======== Extracted data ========
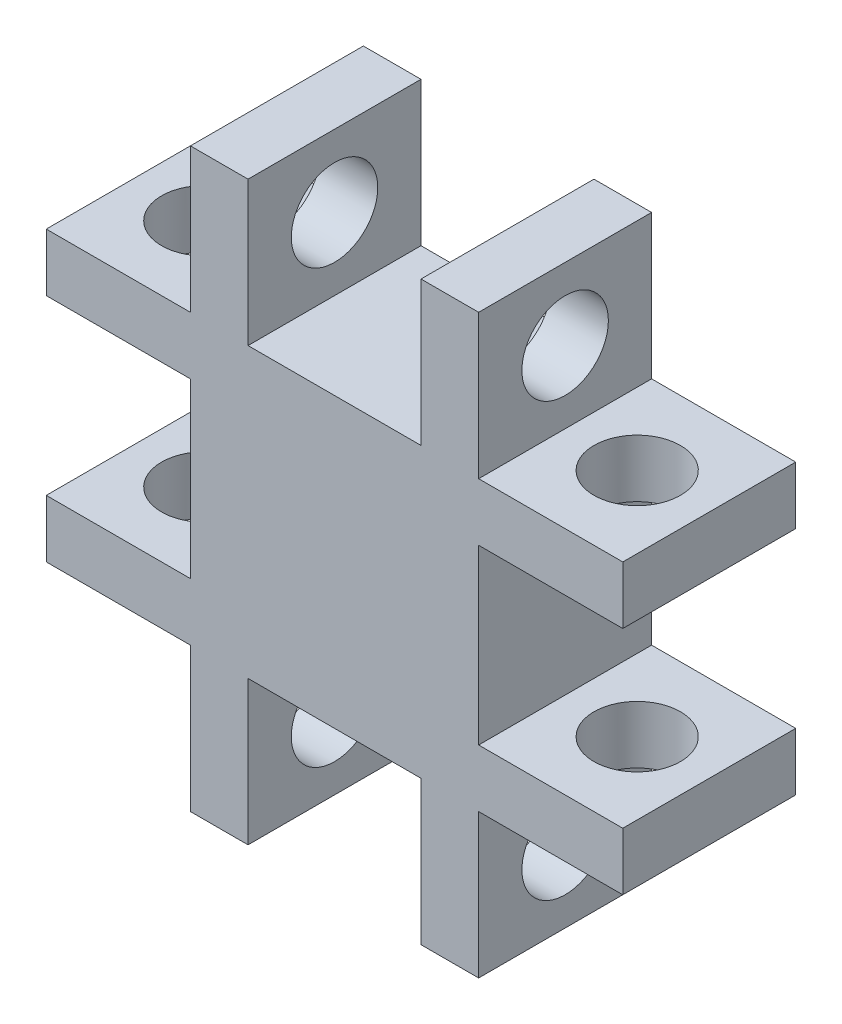
SolidWorks part; units mm, degrees
ref_plane "Front Plane" through (0, 0, 0) normal (0, 0, 1) x (1, 0, 0)
ref_plane "Top Plane" through (0, 0, 0) normal (0, 1, 0) x (1, 0, 0)
ref_plane "Right Plane" through (0, 0, 0) normal (1, 0, 0) x (0, 0, -1)
sketch "Sketch1" plane through (0, 0, 0) normal (0, 0, 1) x (1, 0, 0)
  line L1 (-50, 50) -> (50, 50)
  line L2 (-50, 50) -> (-50, -50)
  line L3 (-50, -50) -> (50, -50)
  line L4 (50, 50) -> (50, -50)
  line L5 (-50, 50) -> (50, -50) construction
  line L6 (-50, -50) -> (50, 50) construction
  point P0 (0, 0)
  dimension "D1" = 100
  dimension "D2" = 100
extrude "Boss-Extrude1" add sketch "Sketch1" along normal blind 60
ref_plane "Plane1" through (0, 0, 0) normal (1, 0, 0) x (0, 0, -1)
ref_plane "Plane2" through (0, 0, 0) normal (0, 1, 0) x (1, 0, 0)
sketch "Sketch2" plane through (50, 0, 0) normal (1, 0, 0) x (0, 0, -1)
  line L0 (0, -50) -> (0, 50) construction
  line L1 (-60, 50) -> (0, 50)
  line L2 (-60, 50) -> (-60, 30)
  line L3 (-60, 30) -> (0, 30)
  line L4 (0, 50) -> (0, 30)
  line L6 (-60, -50) -> (0, -50)
  line L7 (-60, -50) -> (-60, -30)
  line L8 (-60, -30) -> (0, -30)
  line L9 (0, -50) -> (0, -30)
  dimension "D1" = 20
  dimension "D2" = 20
extrude "Boss-Extrude2" add sketch "Sketch2" along normal blind 50
sketch "Sketch3" plane through (0, -50, 0) normal (0, -1, 0) x (1, 0, 0)
  line L0 (-50, 60) -> (100, 60) construction
  line L1 (-50, 60) -> (-30, 60)
  line L2 (-50, 60) -> (-50, 0)
  line L3 (-50, 0) -> (-30, 0)
  line L4 (-30, 60) -> (-30, 0)
  line L5 (-50, 0) -> (100, 0) construction
  line L6 (100, 60) -> (100, 0) construction
  line L7 (50, 60) -> (30, 60)
  line L8 (50, 60) -> (50, 0)
  line L9 (50, 0) -> (30, 0)
  line L10 (30, 60) -> (30, 0)
  dimension "D1" = 50
  dimension "D2" = 20
  dimension "D4" = 20
extrude "Boss-Extrude3" add sketch "Sketch3" along normal blind 50
sketch "Sketch4" plane through (0, -50, 0) normal (0, -1, 0) x (1, 0, 0)
  line L0 (50, 0) -> (50, 60) construction
  line L1 (50, 0) -> (100, 0) construction
  circle A0 centre (75, 30) radius 15
  dimension "D3" = 30
  dimension "D1" = 25
  dimension "D2" = 30
extrude "Cut-Extrude1" cut sketch "Sketch4" against normal blind 100
sketch "Sketch5" plane through (50, 0, 0) normal (1, 0, 0) x (0, 0, -1)
  line L0 (-60, -100) -> (-60, -50) construction
  line L1 (0, -50) -> (-60, -50) construction
  circle A0 centre (-30, -75) radius 15
  dimension "D3" = 30
  dimension "D1" = 30
  dimension "D2" = 25
extrude "Cut-Extrude2" cut sketch "Sketch5" against normal blind 100
mirror "Mirror2" about plane through (0, 0, 0) normal (1, 0, 0) of "Cut-Extrude1", "Boss-Extrude2"
mirror "Mirror3" about plane through (0, 0, 0) normal (0, 1, 0) of "Cut-Extrude2", "Boss-Extrude3"
========
- **Task brief**
Verbatim copy without images: write the records above out in full.

- **Answer section**
SolidWorks part; units mm, degrees
ref_plane "Front Plane" through (0, 0, 0) normal (0, 0, 1) x (1, 0, 0)
ref_plane "Top Plane" through (0, 0, 0) normal (0, 1, 0) x (1, 0, 0)
ref_plane "Right Plane" through (0, 0, 0) normal (1, 0, 0) x (0, 0, -1)
sketch "Sketch1" plane through (0, 0, 0) normal (0, 0, 1) x (1, 0, 0)
  line L1 (-50, 50) -> (50, 50)
  line L2 (-50, 50) -> (-50, -50)
  line L3 (-50, -50) -> (50, -50)
  line L4 (50, 50) -> (50, -50)
  line L5 (-50, 50) -> (50, -50) construction
  line L6 (-50, -50) -> (50, 50) construction
  point P0 (0, 0)
  dimension "D1" = 100
  dimension "D2" = 100
extrude "Boss-Extrude1" add sketch "Sketch1" along normal blind 60
ref_plane "Plane1" through (0, 0, 0) normal (1, 0, 0) x (0, 0, -1)
ref_plane "Plane2" through (0, 0, 0) normal (0, 1, 0) x (1, 0, 0)
sketch "Sketch2" plane through (50, 0, 0) normal (1, 0, 0) x (0, 0, -1)
  line L0 (0, -50) -> (0, 50) construction
  line L1 (-60, 50) -> (0, 50)
  line L2 (-60, 50) -> (-60, 30)
  line L3 (-60, 30) -> (0, 30)
  line L4 (0, 50) -> (0, 30)
  line L6 (-60, -50) -> (0, -50)
  line L7 (-60, -50) -> (-60, -30)
  line L8 (-60, -30) -> (0, -30)
  line L9 (0, -50) -> (0, -30)
  dimension "D1" = 20
  dimension "D2" = 20
extrude "Boss-Extrude2" add sketch "Sketch2" along normal blind 50
sketch "Sketch3" plane through (0, -50, 0) normal (0, -1, 0) x (1, 0, 0)
  line L0 (-50, 60) -> (100, 60) construction
  line L1 (-50, 60) -> (-30, 60)
  line L2 (-50, 60) -> (-50, 0)
  line L3 (-50, 0) -> (-30, 0)
  line L4 (-30, 60) -> (-30, 0)
  line L5 (-50, 0) -> (100, 0) construction
  line L6 (100, 60) -> (100, 0) construction
  line L7 (50, 60) -> (30, 60)
  line L8 (50, 60) -> (50, 0)
  line L9 (50, 0) -> (30, 0)
  line L10 (30, 60) -> (30, 0)
  dimension "D1" = 50
  dimension "D2" = 20
  dimension "D4" = 20
extrude "Boss-Extrude3" add sketch "Sketch3" along normal blind 50
sketch "Sketch4" plane through (0, -50, 0) normal (0, -1, 0) x (1, 0, 0)
  line L0 (50, 0) -> (50, 60) construction
  line L1 (50, 0) -> (100, 0) construction
  circle A0 centre (75, 30) radius 15
  dimension "D3" = 30
  dimension "D1" = 25
  dimension "D2" = 30
extrude "Cut-Extrude1" cut sketch "Sketch4" against normal blind 100
sketch "Sketch5" plane through (50, 0, 0) normal (1, 0, 0) x (0, 0, -1)
  line L0 (-60, -100) -> (-60, -50) construction
  line L1 (0, -50) -> (-60, -50) construction
  circle A0 centre (-30, -75) radius 15
  dimension "D3" = 30
  dimension "D1" = 30
  dimension "D2" = 25
extrude "Cut-Extrude2" cut sketch "Sketch5" against normal blind 100
mirror "Mirror2" about plane through (0, 0, 0) normal (1, 0, 0) of "Cut-Extrude1", "Boss-Extrude2"
mirror "Mirror3" about plane through (0, 0, 0) normal (0, 1, 0) of "Cut-Extrude2", "Boss-Extrude3"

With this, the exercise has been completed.